By this, when the file was deleted and the trash was cleared, the returned del_response and trash_response are empty.
Modified script:
From your question, I could understand that files.list() and files.create() works. So I would like to propose the modification points for files.delete() and files.emptyTrash(). Please modify your script as follows.
From:
for item in items:
print('I will try to delete this file:')
print(u'{0} ({1})'.format(item['name'], item['id']))
del_response = drive_service.files().delete(fileId=item['id'])
print('del_response.body:')
print( del_response.body)
print('I will try to emptyTrash:')
trash_response = drive_service.files().emptyTrash()
print('trash_response.body:')
print( trash_response.body)
To:
for item in items:
print('I will try to delete this file:')
print(u'{0} ({1})'.format(item['name'], item['id']))

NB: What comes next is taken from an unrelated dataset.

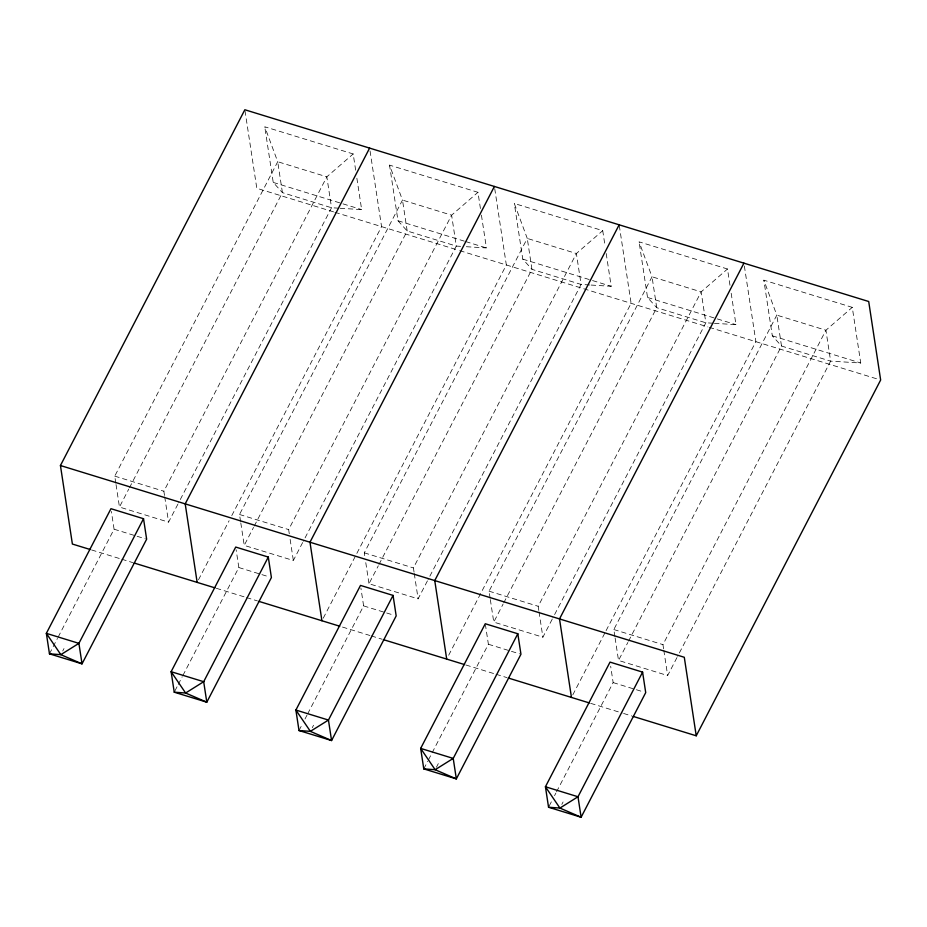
<?xml version="1.0" encoding="UTF-8"?>
<svg xmlns="http://www.w3.org/2000/svg" width="927" height="927" viewBox="0 0 927 927"><rect width="100%" height="100%" fill="white"/><g stroke="black" fill="none" stroke-linecap="round" stroke-linejoin="round"><path stroke-width="0.7" stroke-dasharray="4.63 3.48" d="M115.817 483.152L114.751 476.13L277.718 161.727L264.763 126.779L353.187 153.952L355.794 171.078M177.891 504.172L168.575 522.144L119.456 507.046L128.76 489.074M129.432 487.799L282.422 192.642L277.718 161.727L326.837 176.825L353.187 153.952M49.467 653.836L57.462 638.413M58.123 637.139L114.079 529.201L111.367 511.437M62.735 650.997L63.998 648.552M164.508 495.447L163.87 491.229L326.837 176.825L331.542 207.741L178.552 502.897M198.482 579.827L229.108 520.742M231.773 515.609L381.565 226.617L369.838 149.525M240.591 521.507L239.514 514.485L402.492 200.081L389.537 165.122L477.961 192.306L480.557 209.421M302.654 542.527L293.349 560.487L244.218 545.389L253.535 527.428M254.207 526.142L407.196 230.985L402.492 200.081L451.611 215.18L477.961 192.306M174.902 690.905L177.567 685.76M178.239 684.474L182.225 676.768M182.897 675.482L238.842 567.544L236.142 549.792M289.282 533.79L288.645 529.584L451.611 215.18L456.316 246.084L303.326 541.241M323.256 618.17L506.339 264.971L494.392 186.454M364.717 555.644L364.288 552.828L527.266 238.424L514.311 203.476L602.724 230.649L605.111 246.35M427.428 580.881L418.112 598.842L368.992 583.743L378.309 565.783M378.969 564.497L531.959 269.34L527.266 238.424L576.385 253.523L602.724 230.649M299.004 730.534L302.341 724.114M305.006 718.97L306.999 715.123M307.671 713.836L363.616 605.899L360.916 588.147M312.272 727.695L313.546 725.25M414.056 572.144L413.407 567.927L576.385 253.523L581.09 284.438L428.089 579.595M448.691 655.238L631.113 303.326L619.166 224.809M490.128 598.205L489.062 591.183L652.029 276.779L639.074 241.831L727.498 269.004L730.105 286.13M552.202 619.224L542.886 637.197L493.767 622.098L503.071 604.126M503.743 602.851L656.733 307.694L652.029 276.779L701.148 291.878L727.498 269.004M423.778 768.889L427.776 761.183M428.436 759.897L488.39 644.253L485.47 625.122M436.408 767.266L438.309 763.605M538.819 610.499L538.181 606.281L701.148 291.878L705.853 322.793L552.863 617.95M572.793 694.879L605.424 631.936M606.084 630.661L755.876 341.669L743.929 263.152M614.902 636.559L613.825 629.537L776.803 315.134L763.848 280.174L852.272 307.358L860.731 363.002L830.627 361.136L781.507 346.038L772.318 335.817L763.848 280.174M676.965 657.579L667.66 675.54L618.529 660.441L627.846 642.481M628.506 641.194L781.507 346.038L776.803 315.134L825.922 330.232L852.272 307.358M549.213 805.957L551.878 800.812M554.543 795.679L555.876 793.106M556.536 791.82L613.153 682.596L610.661 666.212M561.82 804.404L563.083 801.959M663.593 648.842L662.956 644.636L825.922 330.232L830.627 361.136L677.637 656.293M338.714 208.181L331.542 207.741L282.422 192.642L273.233 182.422L264.763 126.779M340.151 208.274L361.657 209.595L356.872 178.204M460.615 246.35L456.316 246.084L407.196 230.985L398.007 220.765L389.537 165.122M466.351 246.709L486.42 247.949L481.426 215.134M589.688 284.971L581.09 284.438L531.959 269.34L522.77 259.12L514.311 203.476M591.125 285.064L611.194 286.292L605.98 252.051M713.025 323.233L705.853 322.793L656.733 307.694L647.544 297.474L639.074 241.831M714.462 323.326L735.968 324.647L731.183 293.256M273.233 182.422L361.657 209.595M398.007 220.765L464.323 241.147M465.702 241.576L486.42 247.949M522.77 259.12L611.194 286.292M647.544 297.474L735.968 324.647M772.318 335.817L860.731 363.002M333.581 211.866L256.802 188.274L245.064 111.182M334.948 212.295L458.355 250.22M459.722 250.638L707.892 326.918M709.259 327.347L877.904 379.178M114.751 476.13L163.87 491.229M239.514 514.485L288.645 529.584M364.288 552.828L413.407 567.927M489.062 591.183L538.181 606.281M613.825 629.537L662.956 644.636M114.079 529.201L135.782 535.876M137.138 536.293L145.284 538.784M238.842 567.544L260.557 574.219M261.912 574.636L268.691 576.721M363.616 605.899L385.319 612.573M386.675 612.99L393.465 615.076M488.39 644.253L510.093 650.916M511.449 651.333L519.583 653.836M613.153 682.596L643.002 691.774M91.576 549.943L120.371 558.796M121.75 559.213L132.712 562.585M216.35 588.286L245.145 597.139M246.512 597.567L257.486 600.939M342.492 627.069L369.919 635.493M371.287 635.91L382.248 639.282M465.887 664.995L494.682 673.848M496.061 674.265L507.023 677.637M590.661 703.338L622.191 713.037M623.57 713.454L631.797 715.992M663.802 650.256L667.66 675.54M615.111 637.961L618.529 660.441M539.039 611.901L542.886 637.197M490.337 599.618L493.767 622.098M414.265 573.546L418.112 598.842M365.783 562.666L368.992 583.743M290.139 539.41L293.349 560.487M240.8 522.909L244.218 545.389M164.728 496.849L168.575 522.144M116.037 484.566L119.456 507.046"/><path stroke-width="1.39" d="M90.209 549.514L72.387 544.045L60.44 465.528L244.855 109.757L868.703 301.507L880.65 380.024L696.235 735.795L633.164 716.409M143.523 518.714L78.911 643.361L60.834 654.659L49.467 653.836L46.35 633.35L110.962 508.703L143.523 518.714L146.64 539.201L82.028 663.848L49.467 653.836M369.618 148.1L185.203 503.871L197.15 582.388M268.285 557.069L203.685 681.704L185.609 693.014L174.241 692.191L171.124 671.704L235.725 547.057L268.285 557.069L271.402 577.556L206.802 702.191L174.241 692.191M494.392 186.454L309.977 542.225L321.924 620.742M393.06 595.412L328.448 720.059L310.371 731.357L299.004 730.534L295.887 710.047L360.499 585.412L393.06 595.412L396.177 615.91L331.565 740.546L299.004 730.534M619.166 224.809L434.751 580.58L446.698 659.097M517.822 633.767L453.222 758.413L435.145 769.711L423.778 768.889L420.661 748.402L485.273 623.755L517.822 633.767L520.951 654.253L456.339 778.9L423.778 768.889M743.929 263.152L559.514 618.923L571.461 697.44M642.596 672.121L577.996 796.756L559.92 808.066L548.552 807.243L545.435 786.745L610.036 662.11L642.596 672.121L645.713 692.608L581.113 817.243L548.552 807.243M60.44 465.528L684.288 657.278L696.235 735.795M134.079 563.002L214.983 587.869M258.853 601.356L339.745 626.223M383.627 639.711L464.52 664.566M508.39 678.054L589.294 702.921M78.911 643.361L46.35 633.35L60.834 654.659L82.028 663.848L78.911 643.361M203.685 681.704L171.124 671.704L185.609 693.014L206.802 702.191L203.685 681.704M328.448 720.059L295.887 710.047L310.371 731.357L331.565 740.546L328.448 720.059M453.222 758.413L420.661 748.402L435.145 769.711L456.339 778.9L453.222 758.413M577.996 796.756L545.435 786.745L559.92 808.066L581.113 817.243L577.996 796.756"/></g></svg>

del_response = drive_service.files().delete(fileId=item['id']).execute() # Modified
print('del_response.body:')
print(del_response)
print('I will try to emptyTrash:')
trash_response = drive_service.files().emptyTrash().execute() # Modified
print('trash_response.body:')
print(trash_response)
execute() was added for drive_service.files().delete() and drive_service.files().emptyTrash().
References:
Files: delete
Files: emptyTrash
If this was not the result you want, I apologize.